Frequently asked questions

What is a bear put spread on PSCM?
A bear put spread on PSCM is the bear put spread strategy applied to PSCM (etf). The strategy is structurally moderately bearish: A bear put spread buys an at-the-money put and sells an out-of-the-money put at a lower strike for defined risk and defined reward bounded by the strike width. With PSCM etf trading near $102.27, the strikes shown on this page are snapped to the nearest listed PSCM chain strike and the premiums come straight from the end-of-day bid/ask midpoint.
How are PSCM bear put spread max profit and max loss calculated?
Max profit equals strike width minus net debit times 100; max loss equals net debit times 100. Breakeven is long-put strike minus net debit. For the PSCM bear put spread priced from the end-of-day chain at a 30-day expiry (ATM IV 30.00%), the computed maximum profit is $365.00 per contract and the computed maximum loss is -$135.00 per contract. Live intraday quotes will differ as the chain moves through the trading session.

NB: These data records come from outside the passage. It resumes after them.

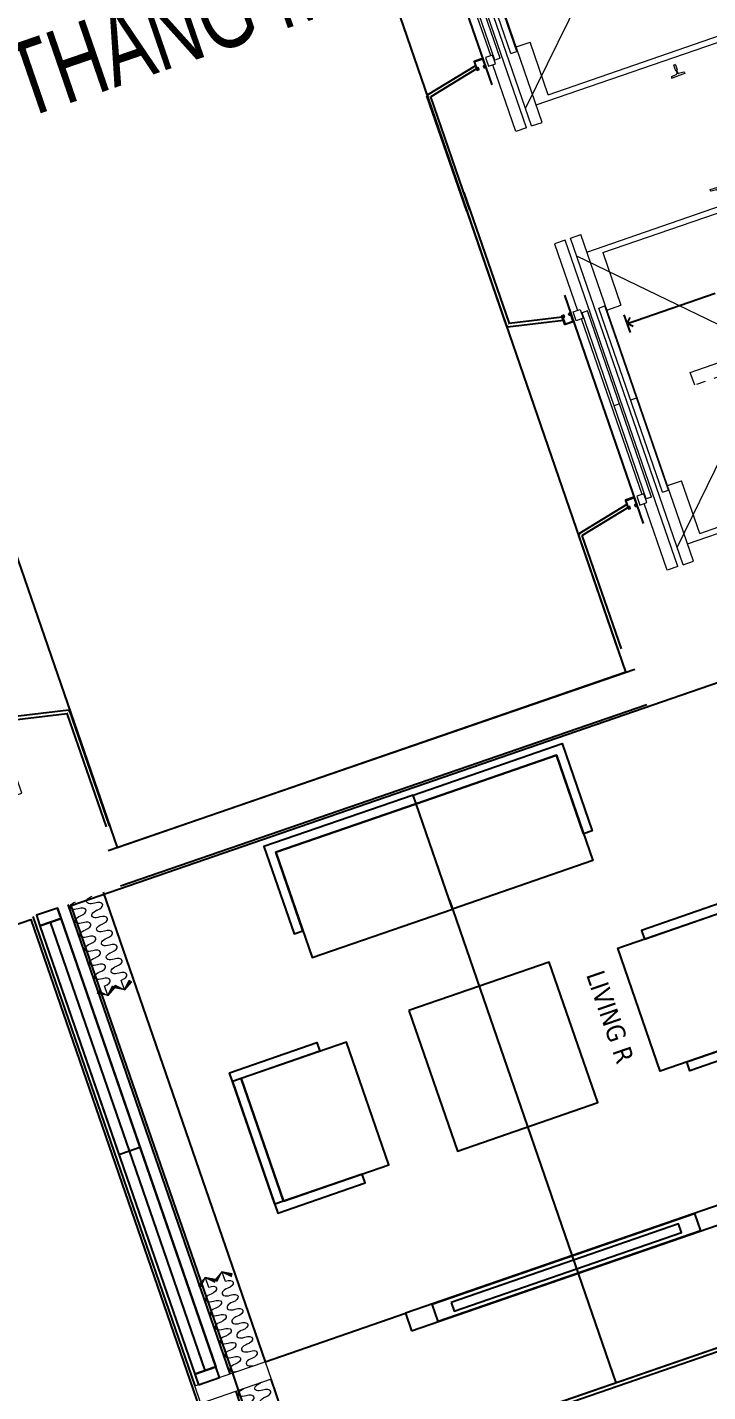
# Model space of a CAD drawing. Header units: millimetres. Extents: x -361699137 to 361252145, y -356478932 to 356523199.
# Drawn here: x 104288 to 107954, y 33692 to 41041 of the extents above; entities that cross this region are included whole.
import ezdxf
from ezdxf.enums import TextEntityAlignment as Align

# ---------------------------------------------------------------- set-up
doc = ezdxf.new("R2010")
doc.units = ezdxf.units.MM
doc.header["$LTSCALE"] = 100
doc.header["$MEASUREMENT"] = 0
for name, pattern in [('220126_HDN_HBA typical plan$0$HIDDEN', [0.375, 0.25, -0.125]), ('ACAD_ISO03W100', [30, 12, -18]), ('Xref_ST_MBDV Cot vach 30.7.2022$0$CENTERX2', [4, 2.5, -0.5, 0.5, -0.5]), ('Xref_ST_MBDV Cot vach 30.7.2022$0$HIDDEN', [0.375, 0.25, -0.125]), ('Xref_ST_MBDV Cot vach 30.7.2022$0$PHANTOMX2', [5, 2.5, -0.5, 0.5, -0.5, 0.5, -0.5])]:
    doc.linetypes.add(name, pattern=pattern)
for name, color, linetype in [('1VinaPVC-Text', 9, 'Continuous'), ('A-_FURN----_E-_N', 251, 'Continuous'), ('A-ANNO-ROOM', 50, 'Continuous'), ('A-WALL-FNSH', 11, 'Continuous'), ('IDEA - dim', 251, 'Continuous'), ('KT-Net manh', 139, 'Continuous'), ('Xref_ST_MBDV Cot vach 30.7.2022$0$KT-Net manh', 139, 'Continuous'), ('Xref_ST_MBDV Cot vach 30.7.2022$0$KT-Text', 7, 'Continuous'), ('Xref_ST_MBDV Cot vach 30.7.2022$0$KT-Tuong', 1, 'Continuous')]:
    doc.layers.add(name, color=color, linetype=linetype)
for name, color, linetype, lineweight in [('CIC36 net manh', 8, 'Continuous', 9), ('HBA-Partition', 4, 'Continuous', 13), ('Xref_ST_MBDV Cot vach 30.7.2022$0$KT-Noi that', 36, 'Continuous', 9)]:
    doc.layers.add(name, color=color, linetype=linetype, lineweight=lineweight)
doc.layers.add('dien tich thong thuy', color=3, linetype='Continuous', plot=False)
doc.styles.add('220126_HDN_HBA typical plan$0$211210_HDN_HBA_TYPICAL PLAN CORE OPT 1$0$HBA-Text', font='GOTHIC.TTF')
doc.styles.add('Tahoma', font='tahoma.ttf')
doc.styles.add('Xref_ST_MBDV Cot vach 30.7.2022$0$Arial', font='arial.ttf', dxfattribs={"width": 0.7})
doc.styles.add('Xref_ST_MBDV Cot vach 30.7.2022$0$DIM', font='vnsimli.shx', dxfattribs={"width": 0.7})
doc.dimstyles.new('Xref_ST_MBDV Cot vach 30.7.2022$0$CCU 1-100 A1', dxfattribs={"dimscale": 100, "dimtxt": 2.2, "dimasz": 1, "dimexe": 1, "dimexo": 0, "dimgap": 1, "dimtad": 1, "dimdec": 0, "dimdsep": 46, "dimtxsty": 'Xref_ST_MBDV Cot vach 30.7.2022$0$DIM', "dimblk1": 'Xref_ST_MBDV Cot vach 30.7.2022$0$_ARCHTICK', "dimblk2": 'Xref_ST_MBDV Cot vach 30.7.2022$0$_ARCHTICK', "dimsah": 1, "dimcen": 0, "dimdle": 1, "dimclrd": 256, "dimclre": 256, "dimclrt": 31, "dimadec": 0, "dimazin": 0, "dimtfac": 1, "dimtdec": 0, "dimtix": 1, "dimtmove": 2, "dimatfit": 3, "dimldrblk": 'Xref_ST_MBDV Cot vach 30.7.2022$0$_ARCHTICK', "dimfxl": 8, "dimtolj": 1, "dimarcsym": 0})

# ---------------------------------------------------------------- blocks, each defined once
blk = doc.blocks.new('A$C1AAC5519')
at = {"layer": 'A-ANNO-ROOM', "insert": (772.955269176513, 1216.574747113511), "char_height": 600, "attachment_point": 2, "rotation": 50.44882673977027, "style": '220126_HDN_HBA typical plan$0$211210_HDN_HBA_TYPICAL PLAN CORE OPT 1$0$HBA-Text'}
blk.add_mtext_dynamic_manual_height_columns('S.B1.', width=722857412.8743668, gutter_width=9765.624999999996, heights=[0], dxfattribs=at)
blk = doc.blocks.new('A$C418F5BC8')
at = {"layer": 'A-ANNO-ROOM', "insert": (648.1133449638728, 1090.790118377889), "char_height": 600, "attachment_point": 2, "rotation": 50.44882673977027, "style": '220126_HDN_HBA typical plan$0$211210_HDN_HBA_TYPICAL PLAN CORE OPT 1$0$HBA-Text'}
blk.add_mtext_dynamic_manual_height_columns('SL-S', width=722857412.8743668, gutter_width=9765.624999999996, heights=[0], dxfattribs=at)
blk = doc.blocks.new('A$C2A6C5140')
at = {"layer": 'A-ANNO-ROOM', "insert": (731.4497625969816, 1190.0169191678, 0.0003277973379295924), "char_height": 600, "attachment_point": 2, "rotation": 50.44882673977027, "style": '220126_HDN_HBA typical plan$0$211210_HDN_HBA_TYPICAL PLAN CORE OPT 1$0$HBA-Text'}
blk.add_mtext_dynamic_manual_height_columns('2-BR', width=722857412.8743668, gutter_width=9765.624999999996, heights=[0], dxfattribs=at)
blk = doc.blocks.new('A$C5388591E')
at = {"layer": 'A-ANNO-ROOM', "insert": (894.3001998505497, 842.1987865094561, 0.0004622000541105721), "char_height": 600, "attachment_point": 2, "rotation": 1.4064704596368105, "style": '220126_HDN_HBA typical plan$0$211210_HDN_HBA_TYPICAL PLAN CORE OPT 1$0$HBA-Text'}
blk.add_mtext_dynamic_manual_height_columns('3-BR', width=722857412.8743668, gutter_width=9765.624999999996, heights=[0], dxfattribs=at)
blk = doc.blocks.new('A$C21AF0CCA')
at = {"layer": 'A-ANNO-ROOM', "insert": (1197.56892258345, 814.6835720778872), "char_height": 600, "attachment_point": 2, "rotation": 0.10542954816276216, "style": '220126_HDN_HBA typical plan$0$211210_HDN_HBA_TYPICAL PLAN CORE OPT 1$0$HBA-Text'}
blk.add_mtext_dynamic_manual_height_columns('S.B1P.', width=722857412.8743668, gutter_width=9765.624999999996, heights=[0], dxfattribs=at)
blk = doc.blocks.new('Xref_ST_MBDV Cot vach 30.7.2022$0$_Open90')
at = {"color": 0, "linetype": 'ByBlock', "lineweight": -2}
for p, q in [((0, 0), (-1, 0)), ((-0.5, 0.5), (0, 0)), ((0, 0), (-0.5, -0.5))]:
    blk.add_line(p, q, dxfattribs=at)
blk = doc.blocks.new('*D159')
at = {"layer": 'Defpoints', "color": 5, "transparency": 16777216}
for p, q in [((-2230.006080747058, 1494.255069668558), (-2230.006080747058, 1595.840436880921)), ((-2180.006080747058, 1545.840436880921), (-1728.427059650542, 1545.840436880921)), ((-780.0060807470581, 1545.840436880921), (-1371.760392983876, 1545.840436880921)), ((-730.0060807470581, 1457.189424305085), (-730.0060807470581, 1595.840436880921))]:
    blk.add_line(p, q, dxfattribs=at)
at = {"layer": 'Defpoints', "color": 0, "transparency": 16777216}
for p in [(-2230.006080747058, 1545.840436880921), (-2230.006080747058, 1494.255069668558, -3.230259272854623e-06), (-730.0060807470581, 1457.189424305085, -3.230259272854623e-06)]:
    blk.add_point(p, dxfattribs=at)
at = {"layer": 'Defpoints', "color": 5, "transparency": 16777216, "xscale": 50, "yscale": 50, "zscale": 50, "rotation": 180}
blk.add_blockref('Xref_ST_MBDV Cot vach 30.7.2022$0$_Open90', (-2230.006080747058, 1545.840436880921), dxfattribs=at)
at = {"layer": 'Defpoints', "color": 5, "transparency": 16777216, "xscale": 50, "yscale": 50, "zscale": 50}
blk.add_blockref('Xref_ST_MBDV Cot vach 30.7.2022$0$_Open90', (-730.0060807470581, 1545.840436880921), dxfattribs=at)
at = {"layer": 'Defpoints', "color": 5, "transparency": 16777216, "insert": (-1550.093726317209, 1545.840436880921), "char_height": 110, "attachment_point": 5, "style": 'Xref_ST_MBDV Cot vach 30.7.2022$0$DIM'}
blk.add_mtext('\\A1;1500', dxfattribs=at)
blk = doc.blocks.new('Xref_ST_MBDV Cot vach 30.7.2022$0$_ARCHTICK')
at = {"color": 0, "linetype": 'ByBlock', "const_width": 0.15}
blk.add_lwpolyline([(-0.5, -0.5), (0.5, 0.5)], dxfattribs=at)
blk = doc.blocks.new('*D160')
at = {"layer": 'Defpoints', "color": 5, "transparency": 16777216}
for p, q in [((-879.0568600945994, 1950.002331897217), (-1000.172690610198, 1950.002331897217)), ((-950.1726906101984, 1900.002331897217), (-950.1726906101983, 1328.335665230491)), ((-950.1726906101981, 400.0023318972127), (-950.1726906101982, 971.6689985638246)), ((-879.0568600945994, 350.0023318972127), (-1000.172690610198, 350.0023318972126))]:
    blk.add_line(p, q, dxfattribs=at)
at = {"layer": 'Defpoints', "color": 0, "transparency": 16777216}
for p in [(-879.0568600945994, 1950.002331897217, -3.230259272854623e-06), (-950.1726906101981, 350.0023318972126), (-879.0568600945994, 350.0023318972127, -3.230259272854622e-06)]:
    blk.add_point(p, dxfattribs=at)
at = {"layer": 'Defpoints', "color": 5, "transparency": 16777216, "xscale": 50, "yscale": 50, "zscale": 50}
for p, rotation in [((-950.1726906101984, 1950.002331897217), 90), ((-950.1726906101981, 350.0023318972126), 270)]:
    blk.add_blockref('Xref_ST_MBDV Cot vach 30.7.2022$0$_Open90', p, dxfattribs=dict(at, rotation=rotation))
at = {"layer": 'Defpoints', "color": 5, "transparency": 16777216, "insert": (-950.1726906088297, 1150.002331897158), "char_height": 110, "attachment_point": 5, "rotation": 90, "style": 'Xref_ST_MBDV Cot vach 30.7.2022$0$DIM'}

What is the breakeven for a PSCM bear put spread?
The breakeven for the PSCM bear put spread priced on this page is roughly $98.65 at expiration, derived from end-of-day chain premiums. Breakeven is the underlying price at which the strategy's P&L crosses zero ignoring transaction costs and assignment risk. The current PSCM market-implied 1-standard-deviation expected move is approximately 8.60%; if the move sits well outside the breakeven distance, the structure's risk-reward becomes correspondingly tighter.
When should you consider a bear put spread on PSCM?
Bear put spreads on PSCM reduce the cost of a bearish PSCM etf position by selling a lower-strike put; suited to moderate-decline theses where price reaches but does not vastly exceed the short strike.
How does current PSCM implied volatility affect this bear put spread?
PSCM ATM IV is at 30.00% with IV rank near 4.02%, which is on the low end of its 1-year range. Premium-buying structures (long call, long put, debit spreads) are relatively cheap in this regime; premium-selling structures collect less credit per unit risk.